Installation professionnelle

En assurance, le terme installation professionnelle désigne l’ensemble des locaux, machines, outils, systèmes et aménagements utilisés dans le cadre d’une activité économique.

Vous lancez votre activité indépendante. Création d'EURL, ouverture d'un cabinet, démarrage d'auto-entreprise. Au milieu de toutes les démarches administratives, l'assurance est souvent traitée en dernier — alors qu'elle conditionne votre capacité à exercer en toute sécurité. Voici la check-list complète des assurances à souscrire dès l'installation, pour ne pas découvrir les trous lors du premier sinistre.

Définition

L'installation professionnelle désigne la phase de création et de mise en route d'une activité indépendante : choix du statut, immatriculation, ouverture de compte bancaire, locaux, premiers clients, et — souvent négligée — souscription des assurances obligatoires et recommandées.

Cette phase critique combine 3 enjeux assurantiels :

  1. Conformité légale (assurances obligatoires selon profession).
  2. Protection patrimoniale (RC Pro, MRP).
  3. Couverture personnelle (santé, prévoyance, retraite).

Les assurances obligatoires (selon activité)

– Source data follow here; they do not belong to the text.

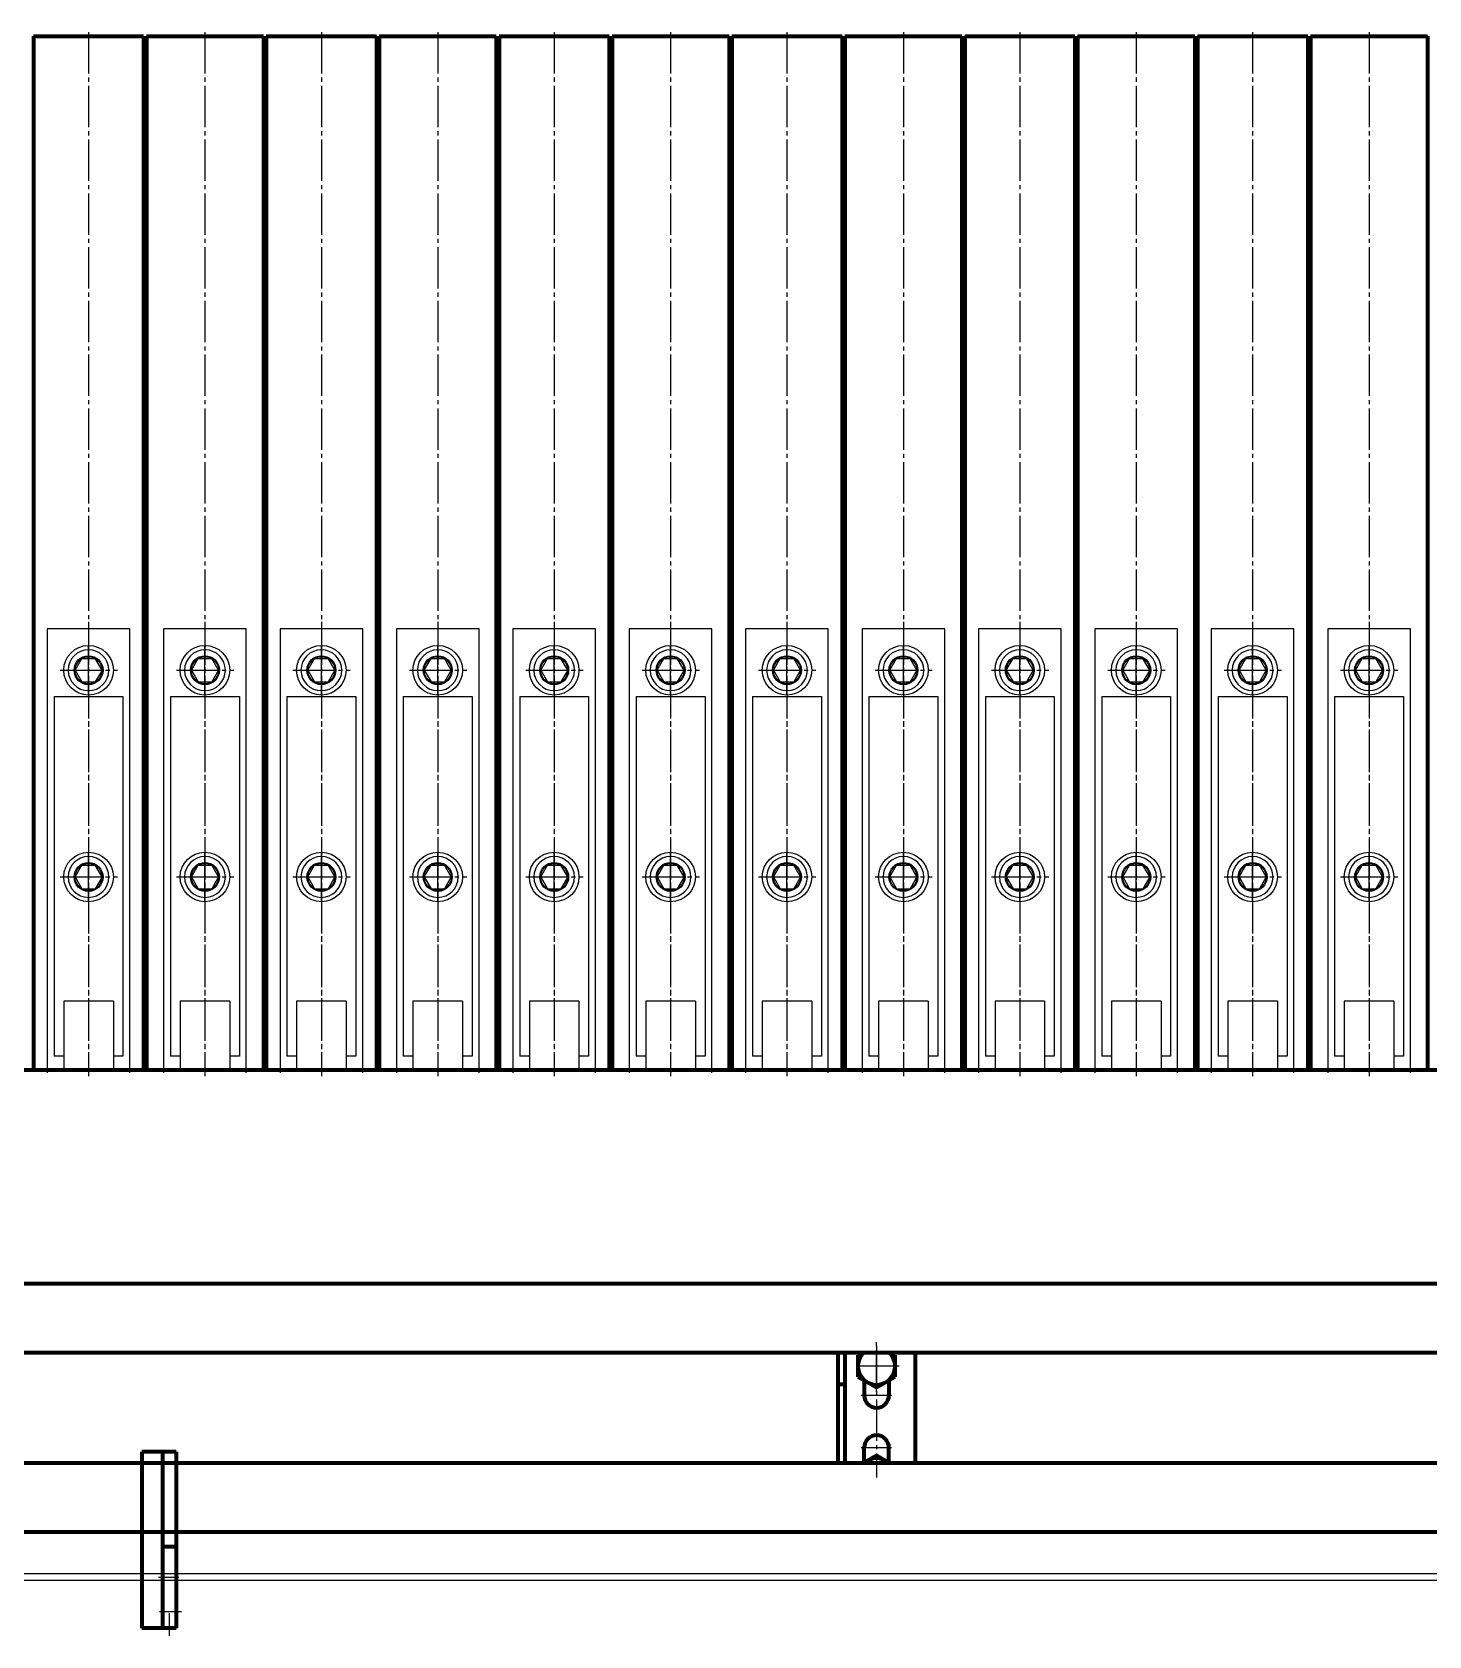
# Model space of a CAD drawing. Header units: millimetres. Extents: x -11880 to 11880, y -8400 to 8400.
# Drawn here: x -3651 to -2637, y 5189 to 6352 of the extents above; entities that cross this region are included whole.
import ezdxf

# ---------------------------------------------------------------- set-up
doc = ezdxf.new("R2010")
doc.units = ezdxf.units.MM
doc.linetypes.add('EB_DASH', pattern=[6, 3, -3])
doc.linetypes.add('EB_DASHDOT', pattern=[39, 30, -3, 3, -3])
for name, color, linetype, lineweight in [('CAXA0', 7, 'Continuous', 70), ('CAXA1', 1, 'EB_DASHDOT', 25), ('CAXA2', 6, 'EB_DASH', 25), ('CAXA3', 7, 'Continuous', 25)]:
    doc.layers.add(name, color=color, linetype=linetype, lineweight=lineweight)

# ---------------------------------------------------------------- blocks, each defined once
blk = doc.blocks.new('CAXBLOCK93', base_point=(-3610, 5599.2))
at = {"layer": 'CAXA2', "color": 6, "linetype": 'EB_DASHDOT', "lineweight": 25}
for p, q in [((-3610, 5924.2), (-3610, 5594.8)), ((-3630.6, 5889.2), (-3589, 5889.2)), ((-3630.6, 5739.2), (-3589, 5739.2))]:
    blk.add_line(p, q, dxfattribs=at)
at = {"layer": 'CAXA2', "color": 6, "linetype": 'Continuous', "lineweight": 25}
for p, q in [((-3640, 5919.2), (-3640, 5597.2)), ((-3580, 5919.2), (-3640, 5919.2)), ((-3580, 5597.2), (-3580, 5919.2)), ((-3610, 5871.3), (-3610, 5907)), ((-3619.8, 5889.2), (-3614.9, 5897.7)), ((-3619.8, 5889.2), (-3614.9, 5880.7)), ((-3614.9, 5897.7), (-3605.1, 5897.7)), ((-3600.2, 5889.2), (-3605.1, 5897.7)), ((-3600.2, 5889.2), (-3605.1, 5897.7)), ((-3600.2, 5889.2), (-3605.1, 5880.7)), ((-3614.9, 5880.7), (-3605.1, 5880.7)), ((-3635, 5870.2), (-3635, 5609.2)), ((-3635, 5870.2), (-3585, 5870.2)), ((-3585, 5870.2), (-3585, 5609.2)), ((-3610, 5721.3), (-3610, 5757)), ((-3619.8, 5739.2), (-3614.9, 5747.7)), ((-3619.8, 5739.2), (-3614.9, 5730.7)), ((-3614.9, 5747.7), (-3605.1, 5747.7)), ((-3600.2, 5739.2), (-3605.1, 5747.7)), ((-3600.2, 5739.2), (-3605.1, 5747.7)), ((-3600.2, 5739.2), (-3605.1, 5730.7)), ((-3614.9, 5730.7), (-3605.1, 5730.7)), ((-3628, 5649.2), (-3628, 5599.2)), ((-3592, 5649.2), (-3628, 5649.2)), ((-3592, 5649.2), (-3592, 5599.2)), ((-3628, 5609.2), (-3635, 5609.2)), ((-3585, 5609.2), (-3592, 5609.2)), ((-3592, 5599.2), (-3628, 5599.2))]:
    blk.add_line(p, q, dxfattribs=at)
for centre, radius in [((-3610, 5889.2), 18), ((-3610, 5889.2), 10.5), ((-3610, 5889.2), 9.81), ((-3610, 5739.2), 18), ((-3610, 5739.2), 18), ((-3610, 5739.2), 10.5), ((-3610, 5739.2), 10.5), ((-3610, 5739.2), 9.81)]:
    blk.add_circle(centre, radius, dxfattribs=at)
for centre, start, end in [((-3610, 5889.2), 0, 180), ((-3610, 5889.2), 180, 0), ((-3610, 5739.2), 0, 180), ((-3610, 5739.2), 180, 0)]:
    blk.add_arc(centre, 14.8, start, end, dxfattribs=at)
blk = doc.blocks.new('CAXBLOCK94', base_point=(-3525.5, 5599.2))
at = {"layer": 'CAXA2', "color": 6, "linetype": 'EB_DASHDOT', "lineweight": 25}
for p, q in [((-3525.5, 5924.2), (-3525.5, 5594.8)), ((-3546.1, 5889.2), (-3504.5, 5889.2)), ((-3546.1, 5739.2), (-3504.5, 5739.2))]:
    blk.add_line(p, q, dxfattribs=at)
at = {"layer": 'CAXA2', "color": 6, "linetype": 'Continuous', "lineweight": 25}
for p, q in [((-3555.5, 5919.2), (-3555.5, 5597.2)), ((-3495.5, 5919.2), (-3555.5, 5919.2)), ((-3495.5, 5597.2), (-3495.5, 5919.2)), ((-3525.5, 5871.3), (-3525.5, 5907)), ((-3535.3, 5889.2), (-3530.4, 5897.7)), ((-3535.3, 5889.2), (-3530.4, 5880.7)), ((-3530.4, 5897.7), (-3520.6, 5897.7)), ((-3515.7, 5889.2), (-3520.6, 5897.7)), ((-3515.7, 5889.2), (-3520.6, 5897.7)), ((-3515.7, 5889.2), (-3520.6, 5880.7)), ((-3530.4, 5880.7), (-3520.6, 5880.7)), ((-3550.5, 5870.2), (-3550.5, 5609.2)), ((-3550.5, 5870.2), (-3500.5, 5870.2)), ((-3500.5, 5870.2), (-3500.5, 5609.2)), ((-3525.5, 5721.3), (-3525.5, 5757)), ((-3535.3, 5739.2), (-3530.4, 5747.7)), ((-3535.3, 5739.2), (-3530.4, 5730.7)), ((-3530.4, 5747.7), (-3520.6, 5747.7)), ((-3515.7, 5739.2), (-3520.6, 5747.7)), ((-3515.7, 5739.2), (-3520.6, 5747.7)), ((-3515.7, 5739.2), (-3520.6, 5730.7)), ((-3530.4, 5730.7), (-3520.6, 5730.7)), ((-3543.5, 5649.2), (-3543.5, 5599.2)), ((-3507.5, 5649.2), (-3543.5, 5649.2)), ((-3507.5, 5649.2), (-3507.5, 5599.2)), ((-3543.5, 5609.2), (-3550.5, 5609.2)), ((-3500.5, 5609.2), (-3507.5, 5609.2)), ((-3507.5, 5599.2), (-3543.5, 5599.2))]:
    blk.add_line(p, q, dxfattribs=at)
for centre, radius in [((-3525.5, 5889.2), 18), ((-3525.5, 5889.2), 10.5), ((-3525.5, 5889.2), 9.81), ((-3525.5, 5739.2), 18), ((-3525.5, 5739.2), 18), ((-3525.5, 5739.2), 10.5), ((-3525.5, 5739.2), 10.5), ((-3525.5, 5739.2), 9.81)]:
    blk.add_circle(centre, radius, dxfattribs=at)
for centre, start, end in [((-3525.5, 5889.2), 0, 180), ((-3525.5, 5889.2), 180, 0), ((-3525.5, 5739.2), 0, 180), ((-3525.5, 5739.2), 180, 0)]:
    blk.add_arc(centre, 14.8, start, end, dxfattribs=at)
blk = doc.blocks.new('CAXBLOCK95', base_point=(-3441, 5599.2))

Pour les professions réglementées

Plus de 60 professions imposent une RC Pro :

  • Santé : médecins, infirmiers, pharmaciens, kinés.
  • Droit : avocats, notaires, huissiers.
  • Conseil : experts-comptables, commissaires aux comptes.
  • BTP : artisans avec décennale obligatoire.
  • Transport : transporteurs routiers, chauffeurs VTC.
  • Immobilier : agents, syndics.

Décennale BTP

Obligatoire pour tout professionnel du bâtiment intervenant sur des ouvrages neufs ou rénovés (loi Spinetta de 1978, article L.241-1 du Code des assurances).

Auto pro

Obligatoire si véhicule professionnel utilisé dans le cadre de l'activité (article L.211-1 du Code des assurances).

RC employeur

Si vous embauchez du personnel (Code du travail).

Les assurances vivement recommandées

RC Professionnelle

Même si pas obligatoire légalement, elle l'est statistiquement. 70 % des indépendants ont à un moment ou un autre un litige avec un client. Sans RC Pro, c'est votre patrimoine personnel qui paie. Plafond minimum recommandé : 1 M€ pour le conseil, 3 M€ pour les professions à fort enjeu.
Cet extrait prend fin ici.